Disclaimer – I did not write this but whoever did is an absolute genius! It’s so funny. It truly broughy sunshine into my day for the moment!
I found it on Facebook last night. If anybody knows who wrote it or where it comes from – please let me know so I can give credit. (You don’t have to be South African to appreciate it – but it helps.)
My neighbour got a pre-declined credit card in the mail.
CEO’s are now playing miniature golf.
The Guptas laid off 25 Parliamentarians.
I saw a Mormon with only one wife.
If the bank returns your cheque marked “Insufficient Funds,” you call them and ask if they meant you or them.
McDonald’s is selling the 1/4 ouncer.
Angelina Jolie adopted a child from America.
Parents in Sandton fired their nannies and learned their children’s names.

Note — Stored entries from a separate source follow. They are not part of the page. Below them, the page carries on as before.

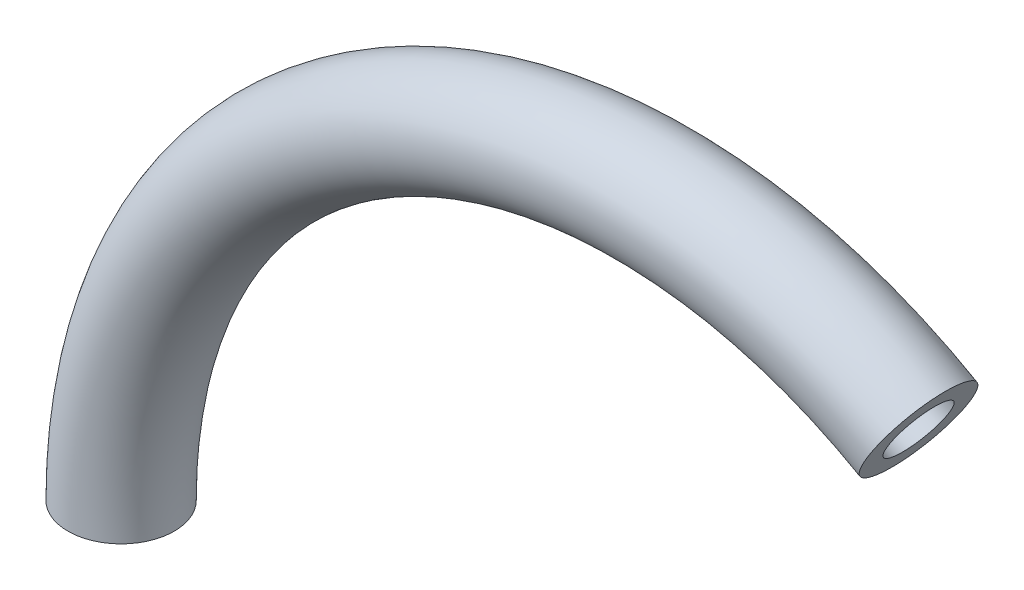
ISO-10303-21;
HEADER;
FILE_DESCRIPTION(('STEP AP214'),'2;1');
FILE_NAME('part.step','',(''),(''),'','','');
FILE_SCHEMA(('AUTOMOTIVE_DESIGN { 1 0 10303 214 1 1 1 1 }'));
ENDSEC;
DATA;
#1=APPLICATION_CONTEXT('core data for automotive mechanical design processes');
#2=APPLICATION_PROTOCOL_DEFINITION('international standard','automotive_design',2000,#1);
#3=PRODUCT_CONTEXT('',#1,'mechanical');
#4=PRODUCT('Part','Part','',(#3));
#5=PRODUCT_RELATED_PRODUCT_CATEGORY('part','',(#4));
#6=PRODUCT_DEFINITION_FORMATION('','',#4);
#7=PRODUCT_DEFINITION_CONTEXT('part definition',#1,'design');
#8=PRODUCT_DEFINITION('design','',#6,#7);
#9=PRODUCT_DEFINITION_SHAPE('','',#8);
#10=(LENGTH_UNIT() NAMED_UNIT(*) SI_UNIT(.MILLI.,.METRE.));
#11=(NAMED_UNIT(*) PLANE_ANGLE_UNIT() SI_UNIT($,.RADIAN.));
#12=(NAMED_UNIT(*) SI_UNIT($,.STERADIAN.) SOLID_ANGLE_UNIT());
#13=UNCERTAINTY_MEASURE_WITH_UNIT(LENGTH_MEASURE(1.E-05),#10,'distance_accuracy_value','');
#14=(GEOMETRIC_REPRESENTATION_CONTEXT(3) GLOBAL_UNCERTAINTY_ASSIGNED_CONTEXT((#13)) GLOBAL_UNIT_ASSIGNED_CONTEXT((#10,
#11,#12)) REPRESENTATION_CONTEXT('',''));
#15=CARTESIAN_POINT('',(0.,0.,0.));
#16=DIRECTION('',(0.,0.,1.));
#17=DIRECTION('',(1.,0.,0.));
#18=AXIS2_PLACEMENT_3D('',#15,#16,#17);
#19=CARTESIAN_POINT('',(-63.5,0.,0.));
#20=DIRECTION('',(0.,1.,0.));
#21=DIRECTION('',(0.,0.,1.));
#22=AXIS2_PLACEMENT_3D('',#19,#20,#21);
#23=PLANE('',#22);
#24=CARTESIAN_POINT('',(-63.5,0.,0.));
#25=DIRECTION('',(0.,1.,0.));
#26=DIRECTION('',(0.,0.,1.));
#27=AXIS2_PLACEMENT_3D('',#24,#25,#26);
#28=CIRCLE('',#27,3.81);
#29=CARTESIAN_POINT('',(-67.31,0.,0.));
#30=VERTEX_POINT('',#29);
#31=EDGE_CURVE('E54',#30,#30,#28,.T.);
#32=ORIENTED_EDGE('',*,*,#31,.T.);
#33=EDGE_LOOP('',(#32));
#34=FACE_BOUND('',#33,.T.);
#35=CARTESIAN_POINT('',(-63.5,0.,0.));
#36=DIRECTION('',(0.,1.,0.));
#37=DIRECTION('',(0.,0.,1.));
#38=AXIS2_PLACEMENT_3D('',#35,#36,#37);
#39=CIRCLE('',#38,6.35);
#40=CARTESIAN_POINT('',(-69.85,0.,0.));
#41=VERTEX_POINT('',#40);
#42=EDGE_CURVE('E44',#41,#41,#39,.T.);
#43=ORIENTED_EDGE('',*,*,#42,.F.);
#44=EDGE_LOOP('',(#43));
#45=FACE_BOUND('',#44,.T.);
#46=ADVANCED_FACE('F37',(#34,#45),#23,.F.);
#47=CARTESIAN_POINT('',(31.7500000000003,54.9926131403117,0.));
#48=DIRECTION('',(0.866025403784436,-0.500000000000004,0.));
#49=DIRECTION('',(0.,0.,1.));
#50=AXIS2_PLACEMENT_3D('',#47,#48,#49);
#51=PLANE('',#50);
#52=CARTESIAN_POINT('',(31.7500000000003,54.9926131403117,0.));
#53=DIRECTION('',(0.866025403784436,-0.500000000000004,0.));
#54=DIRECTION('',(0.500000000000004,0.866025403784436,0.));
#55=AXIS2_PLACEMENT_3D('',#52,#53,#54);
#56=CIRCLE('',#55,3.81);
#57=CARTESIAN_POINT('',(33.6550000000003,58.2921699287304,0.));
#58=VERTEX_POINT('',#57);
#59=EDGE_CURVE('E49',#58,#58,#56,.T.);
#60=ORIENTED_EDGE('',*,*,#59,.F.);
#61=EDGE_LOOP('',(#60));
#62=FACE_BOUND('',#61,.T.);
#63=CARTESIAN_POINT('',(31.7500000000003,54.9926131403117,0.));
#64=DIRECTION('',(0.866025403784436,-0.500000000000004,0.));
#65=DIRECTION('',(0.,0.,1.));
#66=AXIS2_PLACEMENT_3D('',#63,#64,#65);
#67=CIRCLE('',#66,6.35);
#68=CARTESIAN_POINT('',(34.9250000000003,60.4918744543429,0.));
#69=VERTEX_POINT('',#68);
#70=EDGE_CURVE('E10',#69,#69,#67,.T.);
#71=ORIENTED_EDGE('',*,*,#70,.T.);
#72=EDGE_LOOP('',(#71));
#73=FACE_BOUND('',#72,.T.);
#74=ADVANCED_FACE('F71',(#62,#73),#51,.T.);
#75=CARTESIAN_POINT('',(0.,0.,0.));
#76=DIRECTION('',(0.,0.,-1.));
#77=DIRECTION('',(-1.,0.,0.));
#78=AXIS2_PLACEMENT_3D('',#75,#76,#77);
#79=TOROIDAL_SURFACE('',#78,63.5,6.35);
#80=CARTESIAN_POINT('',(0.,0.,0.));
#81=DIRECTION('',(0.,0.,-1.));
#82=DIRECTION('',(-1.,0.,0.));
#83=AXIS2_PLACEMENT_3D('',#80,#81,#82);
#84=CIRCLE('',#83,69.85);
#85=EDGE_CURVE('',#41,#69,#84,.T.);
#86=ORIENTED_EDGE('',*,*,#42,.T.);
#87=ORIENTED_EDGE('',*,*,#70,.F.);
#88=ORIENTED_EDGE('',*,*,#85,.T.);
#89=ORIENTED_EDGE('',*,*,#85,.F.);
#90=EDGE_LOOP('',(#86,#88,#87,#89));
#91=FACE_BOUND('',#90,.T.);
#92=ADVANCED_FACE('F65',(#91),#79,.T.);
#93=CARTESIAN_POINT('',(0.,0.,0.));
#94=DIRECTION('',(0.,0.,-1.));
#95=DIRECTION('',(-1.,0.,0.));
#96=AXIS2_PLACEMENT_3D('',#93,#94,#95);
#97=TOROIDAL_SURFACE('',#96,63.5,3.81);
#98=CARTESIAN_POINT('',(0.,0.,0.));
#99=DIRECTION('',(0.,0.,-1.));
#100=DIRECTION('',(-1.,0.,0.));
#101=AXIS2_PLACEMENT_3D('',#98,#99,#100);
#102=CIRCLE('',#101,67.31);
#103=EDGE_CURVE('',#30,#58,#102,.T.);
#104=ORIENTED_EDGE('',*,*,#31,.F.);
#105=ORIENTED_EDGE('',*,*,#59,.T.);
#106=ORIENTED_EDGE('',*,*,#103,.T.);
#107=ORIENTED_EDGE('',*,*,#103,.F.);
#108=EDGE_LOOP('',(#104,#106,#105,#107));
#109=FACE_BOUND('',#108,.T.);
#110=ADVANCED_FACE('F63',(#109),#97,.F.);
#111=CLOSED_SHELL('',(#46,#74,#92,#110));
#112=MANIFOLD_SOLID_BREP('B2',#111);
#113=ADVANCED_BREP_SHAPE_REPRESENTATION('',(#18,#112),#14);
#114=SHAPE_DEFINITION_REPRESENTATION(#9,#113);
ENDSEC;
END-ISO-10303-21;

My cousin had an exorcism but couldn’t afford to pay for it, and they re-possessed her.
A truckload of South Africans was caught sneaking into Zimbabwe.
A picture is now only worth 200 words.
When Bill and Hillary travel together, they now have to share a room.
The Treasure Island casino in Las Vegas is now managed by Somali pirates.
And, finally…
I was so depressed last night thinking about the economy, wars, jobs, my savings, Social Security, retirement funds, etc., I called the Suicide Hotline. I got a call centre in Pakistan, and when I told them I was suicidal, they got all excited, and asked if I could drive a truck.